━━ Record extracts ━━

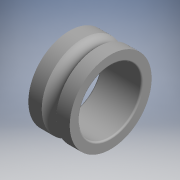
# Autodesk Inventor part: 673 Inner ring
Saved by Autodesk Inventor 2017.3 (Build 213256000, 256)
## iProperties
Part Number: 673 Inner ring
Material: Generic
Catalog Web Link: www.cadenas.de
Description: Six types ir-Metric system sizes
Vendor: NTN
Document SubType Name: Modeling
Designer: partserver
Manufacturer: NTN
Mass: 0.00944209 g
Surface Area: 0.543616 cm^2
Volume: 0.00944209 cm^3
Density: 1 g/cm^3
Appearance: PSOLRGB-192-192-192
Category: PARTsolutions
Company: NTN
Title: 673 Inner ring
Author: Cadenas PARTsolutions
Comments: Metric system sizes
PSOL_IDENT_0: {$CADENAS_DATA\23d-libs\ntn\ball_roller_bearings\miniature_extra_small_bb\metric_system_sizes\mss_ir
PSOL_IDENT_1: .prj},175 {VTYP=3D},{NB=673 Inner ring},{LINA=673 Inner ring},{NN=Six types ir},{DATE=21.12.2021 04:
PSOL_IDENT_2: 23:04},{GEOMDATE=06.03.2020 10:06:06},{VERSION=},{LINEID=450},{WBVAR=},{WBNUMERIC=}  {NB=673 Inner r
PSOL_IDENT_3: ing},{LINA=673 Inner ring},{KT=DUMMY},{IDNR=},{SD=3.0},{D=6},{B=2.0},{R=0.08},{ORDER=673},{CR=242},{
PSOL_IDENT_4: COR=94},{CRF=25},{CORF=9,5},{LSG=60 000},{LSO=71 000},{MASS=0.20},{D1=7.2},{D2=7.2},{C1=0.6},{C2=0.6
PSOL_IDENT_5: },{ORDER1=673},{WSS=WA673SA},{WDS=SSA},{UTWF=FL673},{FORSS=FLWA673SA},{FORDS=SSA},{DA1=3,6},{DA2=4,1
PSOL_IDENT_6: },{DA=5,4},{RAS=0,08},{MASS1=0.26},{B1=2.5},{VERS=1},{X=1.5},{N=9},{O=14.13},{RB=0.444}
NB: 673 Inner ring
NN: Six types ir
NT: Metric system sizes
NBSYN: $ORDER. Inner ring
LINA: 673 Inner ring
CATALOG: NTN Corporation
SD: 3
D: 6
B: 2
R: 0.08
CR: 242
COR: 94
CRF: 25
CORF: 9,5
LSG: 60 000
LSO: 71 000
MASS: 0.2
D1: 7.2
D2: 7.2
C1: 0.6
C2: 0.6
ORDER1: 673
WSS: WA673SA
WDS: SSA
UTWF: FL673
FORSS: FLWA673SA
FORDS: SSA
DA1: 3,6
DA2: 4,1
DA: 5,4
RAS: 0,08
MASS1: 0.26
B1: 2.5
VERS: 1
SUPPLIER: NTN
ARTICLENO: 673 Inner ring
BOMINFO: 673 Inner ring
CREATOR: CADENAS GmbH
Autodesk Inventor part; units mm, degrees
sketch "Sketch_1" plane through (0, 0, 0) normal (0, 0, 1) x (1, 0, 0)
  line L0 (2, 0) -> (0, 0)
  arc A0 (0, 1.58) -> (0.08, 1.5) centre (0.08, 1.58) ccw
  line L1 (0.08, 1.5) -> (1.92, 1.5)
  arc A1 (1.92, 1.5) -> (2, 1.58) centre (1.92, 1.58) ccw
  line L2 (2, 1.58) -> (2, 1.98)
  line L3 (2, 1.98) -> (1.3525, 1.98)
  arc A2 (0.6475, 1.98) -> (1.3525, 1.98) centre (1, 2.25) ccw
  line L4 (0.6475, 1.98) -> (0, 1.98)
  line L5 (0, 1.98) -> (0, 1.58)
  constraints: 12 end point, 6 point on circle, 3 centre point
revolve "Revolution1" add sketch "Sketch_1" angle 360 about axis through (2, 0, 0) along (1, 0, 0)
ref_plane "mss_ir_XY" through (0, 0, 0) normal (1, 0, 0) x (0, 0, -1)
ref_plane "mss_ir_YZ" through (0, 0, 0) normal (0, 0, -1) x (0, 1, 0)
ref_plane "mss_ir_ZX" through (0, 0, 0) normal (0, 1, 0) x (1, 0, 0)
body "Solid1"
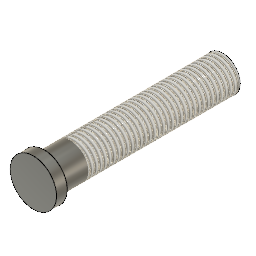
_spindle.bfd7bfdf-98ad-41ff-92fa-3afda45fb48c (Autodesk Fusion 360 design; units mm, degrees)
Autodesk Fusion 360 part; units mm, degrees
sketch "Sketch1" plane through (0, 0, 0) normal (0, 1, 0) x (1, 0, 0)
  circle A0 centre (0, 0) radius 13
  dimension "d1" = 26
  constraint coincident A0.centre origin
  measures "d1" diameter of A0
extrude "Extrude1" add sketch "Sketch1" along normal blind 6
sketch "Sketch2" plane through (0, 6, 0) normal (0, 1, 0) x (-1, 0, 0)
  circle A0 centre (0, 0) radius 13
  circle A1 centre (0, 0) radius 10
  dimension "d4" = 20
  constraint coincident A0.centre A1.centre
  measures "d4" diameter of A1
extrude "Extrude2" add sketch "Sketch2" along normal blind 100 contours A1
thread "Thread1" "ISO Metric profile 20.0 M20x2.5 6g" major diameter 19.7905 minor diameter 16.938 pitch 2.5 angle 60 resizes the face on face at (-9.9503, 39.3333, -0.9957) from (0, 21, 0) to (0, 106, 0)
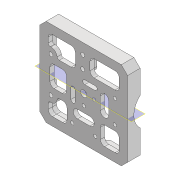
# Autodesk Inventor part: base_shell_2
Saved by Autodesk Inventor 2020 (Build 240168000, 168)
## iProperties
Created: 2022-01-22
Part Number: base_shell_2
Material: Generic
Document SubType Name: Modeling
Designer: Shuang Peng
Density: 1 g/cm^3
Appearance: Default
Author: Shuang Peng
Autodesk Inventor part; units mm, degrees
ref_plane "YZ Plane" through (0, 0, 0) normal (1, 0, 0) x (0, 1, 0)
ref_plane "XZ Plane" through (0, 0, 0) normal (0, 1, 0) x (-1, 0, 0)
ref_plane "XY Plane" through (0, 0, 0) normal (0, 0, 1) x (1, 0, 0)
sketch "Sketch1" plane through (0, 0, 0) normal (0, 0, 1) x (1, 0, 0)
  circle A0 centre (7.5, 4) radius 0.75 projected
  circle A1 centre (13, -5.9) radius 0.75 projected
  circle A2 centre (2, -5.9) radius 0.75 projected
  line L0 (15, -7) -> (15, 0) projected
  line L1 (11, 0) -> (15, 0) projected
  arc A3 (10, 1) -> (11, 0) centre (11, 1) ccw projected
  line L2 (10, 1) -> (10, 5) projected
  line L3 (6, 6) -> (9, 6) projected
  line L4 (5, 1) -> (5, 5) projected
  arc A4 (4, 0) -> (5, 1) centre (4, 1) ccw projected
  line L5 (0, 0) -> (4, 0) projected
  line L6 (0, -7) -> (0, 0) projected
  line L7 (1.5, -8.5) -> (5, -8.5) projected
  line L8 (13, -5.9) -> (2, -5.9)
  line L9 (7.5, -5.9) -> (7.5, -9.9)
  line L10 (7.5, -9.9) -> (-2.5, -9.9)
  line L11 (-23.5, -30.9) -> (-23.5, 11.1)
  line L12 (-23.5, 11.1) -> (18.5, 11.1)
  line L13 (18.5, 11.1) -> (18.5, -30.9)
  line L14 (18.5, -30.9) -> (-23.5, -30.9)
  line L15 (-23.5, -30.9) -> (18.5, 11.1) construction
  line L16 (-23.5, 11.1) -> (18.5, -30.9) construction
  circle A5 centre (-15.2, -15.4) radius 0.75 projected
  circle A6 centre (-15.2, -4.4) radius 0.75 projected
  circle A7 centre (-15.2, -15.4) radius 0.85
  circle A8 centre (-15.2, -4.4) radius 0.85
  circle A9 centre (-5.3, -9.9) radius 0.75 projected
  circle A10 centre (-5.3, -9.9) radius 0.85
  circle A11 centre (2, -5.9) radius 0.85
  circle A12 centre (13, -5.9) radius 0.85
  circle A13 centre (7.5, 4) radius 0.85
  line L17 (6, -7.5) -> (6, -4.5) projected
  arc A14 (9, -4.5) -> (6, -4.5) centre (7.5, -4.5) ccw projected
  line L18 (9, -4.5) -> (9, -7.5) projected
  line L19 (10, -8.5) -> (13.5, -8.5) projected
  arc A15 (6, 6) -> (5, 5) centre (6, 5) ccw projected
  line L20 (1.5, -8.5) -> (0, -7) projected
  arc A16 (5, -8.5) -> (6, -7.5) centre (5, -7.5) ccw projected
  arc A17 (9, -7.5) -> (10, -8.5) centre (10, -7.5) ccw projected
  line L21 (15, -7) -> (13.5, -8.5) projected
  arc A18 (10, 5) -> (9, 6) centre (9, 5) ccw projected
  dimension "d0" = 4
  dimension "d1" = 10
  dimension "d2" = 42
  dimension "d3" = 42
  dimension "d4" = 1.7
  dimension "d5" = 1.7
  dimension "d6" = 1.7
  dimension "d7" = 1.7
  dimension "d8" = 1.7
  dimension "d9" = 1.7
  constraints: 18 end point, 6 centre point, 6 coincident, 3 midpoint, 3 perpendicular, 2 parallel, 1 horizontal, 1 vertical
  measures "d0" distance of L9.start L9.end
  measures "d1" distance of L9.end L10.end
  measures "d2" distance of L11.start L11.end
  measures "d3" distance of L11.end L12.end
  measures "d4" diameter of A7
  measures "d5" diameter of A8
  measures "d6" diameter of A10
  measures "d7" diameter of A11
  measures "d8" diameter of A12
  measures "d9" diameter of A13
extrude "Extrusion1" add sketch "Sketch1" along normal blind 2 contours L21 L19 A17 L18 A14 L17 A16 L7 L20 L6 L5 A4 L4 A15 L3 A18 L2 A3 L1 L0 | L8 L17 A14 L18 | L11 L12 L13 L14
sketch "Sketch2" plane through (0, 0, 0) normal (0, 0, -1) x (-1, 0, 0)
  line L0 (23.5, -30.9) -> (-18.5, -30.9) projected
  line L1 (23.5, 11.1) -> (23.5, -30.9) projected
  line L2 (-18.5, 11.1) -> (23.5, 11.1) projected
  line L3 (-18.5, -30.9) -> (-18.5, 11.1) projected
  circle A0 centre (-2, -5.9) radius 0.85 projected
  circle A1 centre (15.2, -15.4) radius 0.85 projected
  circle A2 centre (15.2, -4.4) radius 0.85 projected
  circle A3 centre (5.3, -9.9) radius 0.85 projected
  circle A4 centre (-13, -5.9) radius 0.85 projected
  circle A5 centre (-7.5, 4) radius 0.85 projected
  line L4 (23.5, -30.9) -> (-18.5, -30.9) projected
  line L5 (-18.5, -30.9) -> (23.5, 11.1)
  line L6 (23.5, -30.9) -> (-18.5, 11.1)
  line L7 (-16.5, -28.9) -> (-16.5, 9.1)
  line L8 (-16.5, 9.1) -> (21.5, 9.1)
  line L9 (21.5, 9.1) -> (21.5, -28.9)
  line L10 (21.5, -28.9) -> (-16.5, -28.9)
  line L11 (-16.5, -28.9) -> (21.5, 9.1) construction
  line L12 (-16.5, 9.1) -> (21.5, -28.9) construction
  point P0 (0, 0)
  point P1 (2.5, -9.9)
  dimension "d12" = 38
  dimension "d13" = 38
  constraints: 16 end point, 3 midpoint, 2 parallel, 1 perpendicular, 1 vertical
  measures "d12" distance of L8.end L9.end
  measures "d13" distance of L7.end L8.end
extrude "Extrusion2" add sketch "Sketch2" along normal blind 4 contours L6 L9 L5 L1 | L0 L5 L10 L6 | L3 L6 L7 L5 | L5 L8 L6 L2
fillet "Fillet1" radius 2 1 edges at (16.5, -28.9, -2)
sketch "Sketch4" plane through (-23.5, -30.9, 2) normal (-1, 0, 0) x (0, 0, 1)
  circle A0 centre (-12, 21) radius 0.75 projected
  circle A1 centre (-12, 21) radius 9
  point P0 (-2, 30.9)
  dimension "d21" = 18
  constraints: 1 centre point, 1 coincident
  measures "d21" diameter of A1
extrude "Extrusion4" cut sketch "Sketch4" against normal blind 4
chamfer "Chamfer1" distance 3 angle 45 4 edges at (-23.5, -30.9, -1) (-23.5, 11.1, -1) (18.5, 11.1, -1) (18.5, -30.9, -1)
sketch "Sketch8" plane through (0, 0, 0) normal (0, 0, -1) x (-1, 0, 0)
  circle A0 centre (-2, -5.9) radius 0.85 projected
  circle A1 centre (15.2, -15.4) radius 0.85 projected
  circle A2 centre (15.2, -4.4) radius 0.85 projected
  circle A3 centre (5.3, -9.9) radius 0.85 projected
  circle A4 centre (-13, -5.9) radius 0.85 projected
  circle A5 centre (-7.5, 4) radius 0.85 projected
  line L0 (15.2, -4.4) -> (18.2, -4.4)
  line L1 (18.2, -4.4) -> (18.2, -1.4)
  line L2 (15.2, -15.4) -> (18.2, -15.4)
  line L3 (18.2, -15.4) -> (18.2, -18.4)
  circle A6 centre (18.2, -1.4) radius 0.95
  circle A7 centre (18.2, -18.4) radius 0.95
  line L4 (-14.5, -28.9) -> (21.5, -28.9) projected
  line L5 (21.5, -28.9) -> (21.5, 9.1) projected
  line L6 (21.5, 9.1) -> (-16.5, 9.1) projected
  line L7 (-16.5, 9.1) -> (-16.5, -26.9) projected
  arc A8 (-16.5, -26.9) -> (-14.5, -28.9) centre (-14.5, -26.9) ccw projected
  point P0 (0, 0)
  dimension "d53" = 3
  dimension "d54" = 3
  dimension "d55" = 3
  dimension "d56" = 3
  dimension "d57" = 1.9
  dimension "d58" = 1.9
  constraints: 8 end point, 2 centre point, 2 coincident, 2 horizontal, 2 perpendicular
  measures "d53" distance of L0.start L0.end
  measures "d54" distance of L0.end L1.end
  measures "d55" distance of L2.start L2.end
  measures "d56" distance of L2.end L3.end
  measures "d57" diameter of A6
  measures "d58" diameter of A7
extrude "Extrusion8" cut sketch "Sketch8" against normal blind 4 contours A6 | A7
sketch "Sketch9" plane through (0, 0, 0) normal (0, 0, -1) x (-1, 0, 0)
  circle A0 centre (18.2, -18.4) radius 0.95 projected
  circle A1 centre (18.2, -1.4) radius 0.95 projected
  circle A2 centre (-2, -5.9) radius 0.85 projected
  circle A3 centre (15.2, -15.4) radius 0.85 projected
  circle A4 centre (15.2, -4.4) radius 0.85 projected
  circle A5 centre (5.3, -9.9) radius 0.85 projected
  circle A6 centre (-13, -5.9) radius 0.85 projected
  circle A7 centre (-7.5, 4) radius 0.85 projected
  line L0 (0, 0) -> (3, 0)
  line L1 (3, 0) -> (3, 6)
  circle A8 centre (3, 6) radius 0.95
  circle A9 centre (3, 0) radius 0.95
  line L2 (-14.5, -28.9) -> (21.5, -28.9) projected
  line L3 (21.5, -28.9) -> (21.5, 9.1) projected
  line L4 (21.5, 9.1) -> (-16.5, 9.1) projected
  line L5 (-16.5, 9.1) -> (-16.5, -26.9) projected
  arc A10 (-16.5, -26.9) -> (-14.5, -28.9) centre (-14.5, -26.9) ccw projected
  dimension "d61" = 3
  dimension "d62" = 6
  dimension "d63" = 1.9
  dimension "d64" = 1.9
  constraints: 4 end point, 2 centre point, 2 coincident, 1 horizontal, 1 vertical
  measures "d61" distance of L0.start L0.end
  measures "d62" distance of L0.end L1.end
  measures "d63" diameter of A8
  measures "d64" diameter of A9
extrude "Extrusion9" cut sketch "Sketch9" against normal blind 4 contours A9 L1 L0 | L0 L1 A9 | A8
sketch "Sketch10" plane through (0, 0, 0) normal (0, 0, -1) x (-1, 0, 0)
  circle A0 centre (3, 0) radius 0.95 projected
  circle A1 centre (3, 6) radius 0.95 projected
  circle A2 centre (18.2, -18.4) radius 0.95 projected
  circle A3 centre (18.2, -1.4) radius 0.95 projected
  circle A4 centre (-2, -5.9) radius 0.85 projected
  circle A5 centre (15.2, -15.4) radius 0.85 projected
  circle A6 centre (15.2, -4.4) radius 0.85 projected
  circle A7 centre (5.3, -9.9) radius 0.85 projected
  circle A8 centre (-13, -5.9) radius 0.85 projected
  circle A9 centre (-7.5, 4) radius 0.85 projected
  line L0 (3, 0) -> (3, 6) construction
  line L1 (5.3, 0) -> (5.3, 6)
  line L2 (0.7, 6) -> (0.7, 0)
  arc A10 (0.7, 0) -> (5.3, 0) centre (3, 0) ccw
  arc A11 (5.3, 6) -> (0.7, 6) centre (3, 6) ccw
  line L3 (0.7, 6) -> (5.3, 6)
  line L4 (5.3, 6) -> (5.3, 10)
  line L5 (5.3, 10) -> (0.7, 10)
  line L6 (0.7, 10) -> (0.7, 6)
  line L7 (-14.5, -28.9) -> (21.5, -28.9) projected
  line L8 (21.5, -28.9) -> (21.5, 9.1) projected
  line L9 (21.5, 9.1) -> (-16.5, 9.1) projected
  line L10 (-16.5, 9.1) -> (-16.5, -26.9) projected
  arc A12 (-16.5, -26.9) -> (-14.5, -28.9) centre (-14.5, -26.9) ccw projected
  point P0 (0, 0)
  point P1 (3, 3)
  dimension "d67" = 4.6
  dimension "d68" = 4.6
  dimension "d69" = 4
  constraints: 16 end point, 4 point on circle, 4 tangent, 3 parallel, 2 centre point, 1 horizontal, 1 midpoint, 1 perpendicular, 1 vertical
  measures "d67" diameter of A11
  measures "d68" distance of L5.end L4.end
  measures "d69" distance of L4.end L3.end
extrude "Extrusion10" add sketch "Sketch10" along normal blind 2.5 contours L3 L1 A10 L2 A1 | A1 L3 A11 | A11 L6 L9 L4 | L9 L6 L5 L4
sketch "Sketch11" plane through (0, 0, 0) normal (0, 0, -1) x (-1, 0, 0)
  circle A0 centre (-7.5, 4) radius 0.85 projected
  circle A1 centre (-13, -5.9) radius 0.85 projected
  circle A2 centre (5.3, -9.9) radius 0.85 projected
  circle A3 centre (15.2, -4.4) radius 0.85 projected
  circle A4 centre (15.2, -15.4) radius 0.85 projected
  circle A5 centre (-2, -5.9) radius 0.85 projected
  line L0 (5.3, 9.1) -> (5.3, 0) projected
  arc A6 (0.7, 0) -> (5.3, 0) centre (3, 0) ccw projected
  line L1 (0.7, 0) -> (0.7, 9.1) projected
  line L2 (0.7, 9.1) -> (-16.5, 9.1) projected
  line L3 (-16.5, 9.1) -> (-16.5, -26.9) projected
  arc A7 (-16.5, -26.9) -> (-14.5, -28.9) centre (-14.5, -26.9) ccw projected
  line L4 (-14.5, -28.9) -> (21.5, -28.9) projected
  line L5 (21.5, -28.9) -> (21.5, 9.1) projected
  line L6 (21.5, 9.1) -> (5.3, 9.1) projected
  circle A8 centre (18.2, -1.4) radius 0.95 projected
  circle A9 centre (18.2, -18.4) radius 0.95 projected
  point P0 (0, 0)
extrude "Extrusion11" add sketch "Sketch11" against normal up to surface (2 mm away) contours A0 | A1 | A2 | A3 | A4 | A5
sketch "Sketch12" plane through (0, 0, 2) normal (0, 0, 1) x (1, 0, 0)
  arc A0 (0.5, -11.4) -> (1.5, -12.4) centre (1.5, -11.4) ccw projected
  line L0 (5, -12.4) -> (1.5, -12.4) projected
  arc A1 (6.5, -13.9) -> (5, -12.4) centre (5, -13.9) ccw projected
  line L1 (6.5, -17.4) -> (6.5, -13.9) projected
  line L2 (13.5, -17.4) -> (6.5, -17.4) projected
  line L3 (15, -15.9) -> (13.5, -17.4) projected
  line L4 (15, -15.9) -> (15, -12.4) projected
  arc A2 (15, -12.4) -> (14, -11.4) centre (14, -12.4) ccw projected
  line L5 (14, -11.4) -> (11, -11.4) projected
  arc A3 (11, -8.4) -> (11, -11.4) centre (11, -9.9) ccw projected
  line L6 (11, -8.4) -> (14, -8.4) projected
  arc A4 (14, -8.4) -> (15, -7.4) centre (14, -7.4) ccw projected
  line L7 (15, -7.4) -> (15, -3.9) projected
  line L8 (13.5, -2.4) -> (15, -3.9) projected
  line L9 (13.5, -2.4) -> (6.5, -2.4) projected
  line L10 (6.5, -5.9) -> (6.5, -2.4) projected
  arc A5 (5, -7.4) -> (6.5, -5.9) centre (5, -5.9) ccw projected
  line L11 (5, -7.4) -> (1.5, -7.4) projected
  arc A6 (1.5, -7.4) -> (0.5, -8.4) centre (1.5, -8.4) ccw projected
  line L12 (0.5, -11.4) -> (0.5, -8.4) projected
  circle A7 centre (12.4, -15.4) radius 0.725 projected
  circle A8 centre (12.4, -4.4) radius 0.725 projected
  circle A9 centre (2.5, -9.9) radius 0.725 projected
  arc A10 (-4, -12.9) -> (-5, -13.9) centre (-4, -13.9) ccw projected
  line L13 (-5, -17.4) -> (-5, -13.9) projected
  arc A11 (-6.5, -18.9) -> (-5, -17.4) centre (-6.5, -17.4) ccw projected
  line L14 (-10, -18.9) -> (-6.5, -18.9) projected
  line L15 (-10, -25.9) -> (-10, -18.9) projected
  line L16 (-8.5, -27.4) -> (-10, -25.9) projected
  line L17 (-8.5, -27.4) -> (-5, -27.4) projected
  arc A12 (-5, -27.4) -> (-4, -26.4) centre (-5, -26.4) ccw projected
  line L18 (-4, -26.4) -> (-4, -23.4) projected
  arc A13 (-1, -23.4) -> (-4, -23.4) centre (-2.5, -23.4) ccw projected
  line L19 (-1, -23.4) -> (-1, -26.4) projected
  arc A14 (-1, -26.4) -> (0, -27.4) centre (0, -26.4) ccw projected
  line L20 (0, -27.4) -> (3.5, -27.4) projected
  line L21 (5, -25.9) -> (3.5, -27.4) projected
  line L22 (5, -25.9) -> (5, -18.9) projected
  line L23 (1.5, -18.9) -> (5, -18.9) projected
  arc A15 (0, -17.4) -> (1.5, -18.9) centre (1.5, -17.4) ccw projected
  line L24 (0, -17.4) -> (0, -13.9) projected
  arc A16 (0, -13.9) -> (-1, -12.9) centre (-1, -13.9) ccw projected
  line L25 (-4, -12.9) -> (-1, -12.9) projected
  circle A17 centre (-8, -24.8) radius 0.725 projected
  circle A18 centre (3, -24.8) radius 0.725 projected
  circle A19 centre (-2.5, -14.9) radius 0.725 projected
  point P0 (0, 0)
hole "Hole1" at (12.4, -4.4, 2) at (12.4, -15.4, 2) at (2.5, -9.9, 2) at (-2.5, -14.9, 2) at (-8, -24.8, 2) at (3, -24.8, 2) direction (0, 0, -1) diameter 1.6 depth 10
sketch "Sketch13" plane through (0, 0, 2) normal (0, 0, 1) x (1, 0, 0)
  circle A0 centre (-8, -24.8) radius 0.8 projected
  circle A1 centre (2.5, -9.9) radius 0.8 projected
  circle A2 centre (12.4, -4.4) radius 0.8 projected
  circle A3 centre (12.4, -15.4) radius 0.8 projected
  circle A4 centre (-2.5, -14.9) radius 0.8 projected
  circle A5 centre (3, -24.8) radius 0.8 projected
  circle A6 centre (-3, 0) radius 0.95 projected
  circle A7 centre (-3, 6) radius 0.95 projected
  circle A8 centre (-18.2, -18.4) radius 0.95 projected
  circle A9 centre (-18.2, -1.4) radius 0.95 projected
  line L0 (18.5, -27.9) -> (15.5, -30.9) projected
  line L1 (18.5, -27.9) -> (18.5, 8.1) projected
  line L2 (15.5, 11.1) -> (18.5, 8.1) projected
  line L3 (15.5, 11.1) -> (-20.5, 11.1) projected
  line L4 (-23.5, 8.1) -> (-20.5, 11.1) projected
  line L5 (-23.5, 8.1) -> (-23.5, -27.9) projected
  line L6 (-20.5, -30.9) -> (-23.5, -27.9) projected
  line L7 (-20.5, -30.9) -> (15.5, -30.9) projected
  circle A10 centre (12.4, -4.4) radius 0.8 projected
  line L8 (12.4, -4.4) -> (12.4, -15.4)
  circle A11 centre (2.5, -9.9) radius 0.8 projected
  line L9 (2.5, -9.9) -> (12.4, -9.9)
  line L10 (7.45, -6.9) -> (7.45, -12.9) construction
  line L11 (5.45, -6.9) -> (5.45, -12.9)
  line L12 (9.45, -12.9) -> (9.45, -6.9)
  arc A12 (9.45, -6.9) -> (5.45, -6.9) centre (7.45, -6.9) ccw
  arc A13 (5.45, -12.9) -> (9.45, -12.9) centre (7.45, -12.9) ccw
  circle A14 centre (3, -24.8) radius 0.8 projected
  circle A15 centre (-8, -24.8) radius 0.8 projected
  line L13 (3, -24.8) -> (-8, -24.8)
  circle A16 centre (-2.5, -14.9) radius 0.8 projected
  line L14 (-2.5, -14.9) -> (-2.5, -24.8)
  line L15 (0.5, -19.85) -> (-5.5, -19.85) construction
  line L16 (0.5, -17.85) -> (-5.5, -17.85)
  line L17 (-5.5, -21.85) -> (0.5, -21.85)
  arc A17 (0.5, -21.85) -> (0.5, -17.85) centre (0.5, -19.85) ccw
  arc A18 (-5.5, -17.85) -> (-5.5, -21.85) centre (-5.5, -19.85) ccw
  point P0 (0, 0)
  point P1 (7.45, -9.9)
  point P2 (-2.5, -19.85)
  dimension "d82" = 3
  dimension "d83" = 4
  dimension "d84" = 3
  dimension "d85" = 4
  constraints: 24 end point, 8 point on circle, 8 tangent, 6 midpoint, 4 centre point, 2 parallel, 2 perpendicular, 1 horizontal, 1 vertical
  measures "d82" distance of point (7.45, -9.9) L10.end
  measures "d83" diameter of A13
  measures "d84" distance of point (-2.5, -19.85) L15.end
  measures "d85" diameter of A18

━━━

§ What the task asks:
The answer should be a single number: how many lines in the entries contain "degrees".

§ Problem solution:
4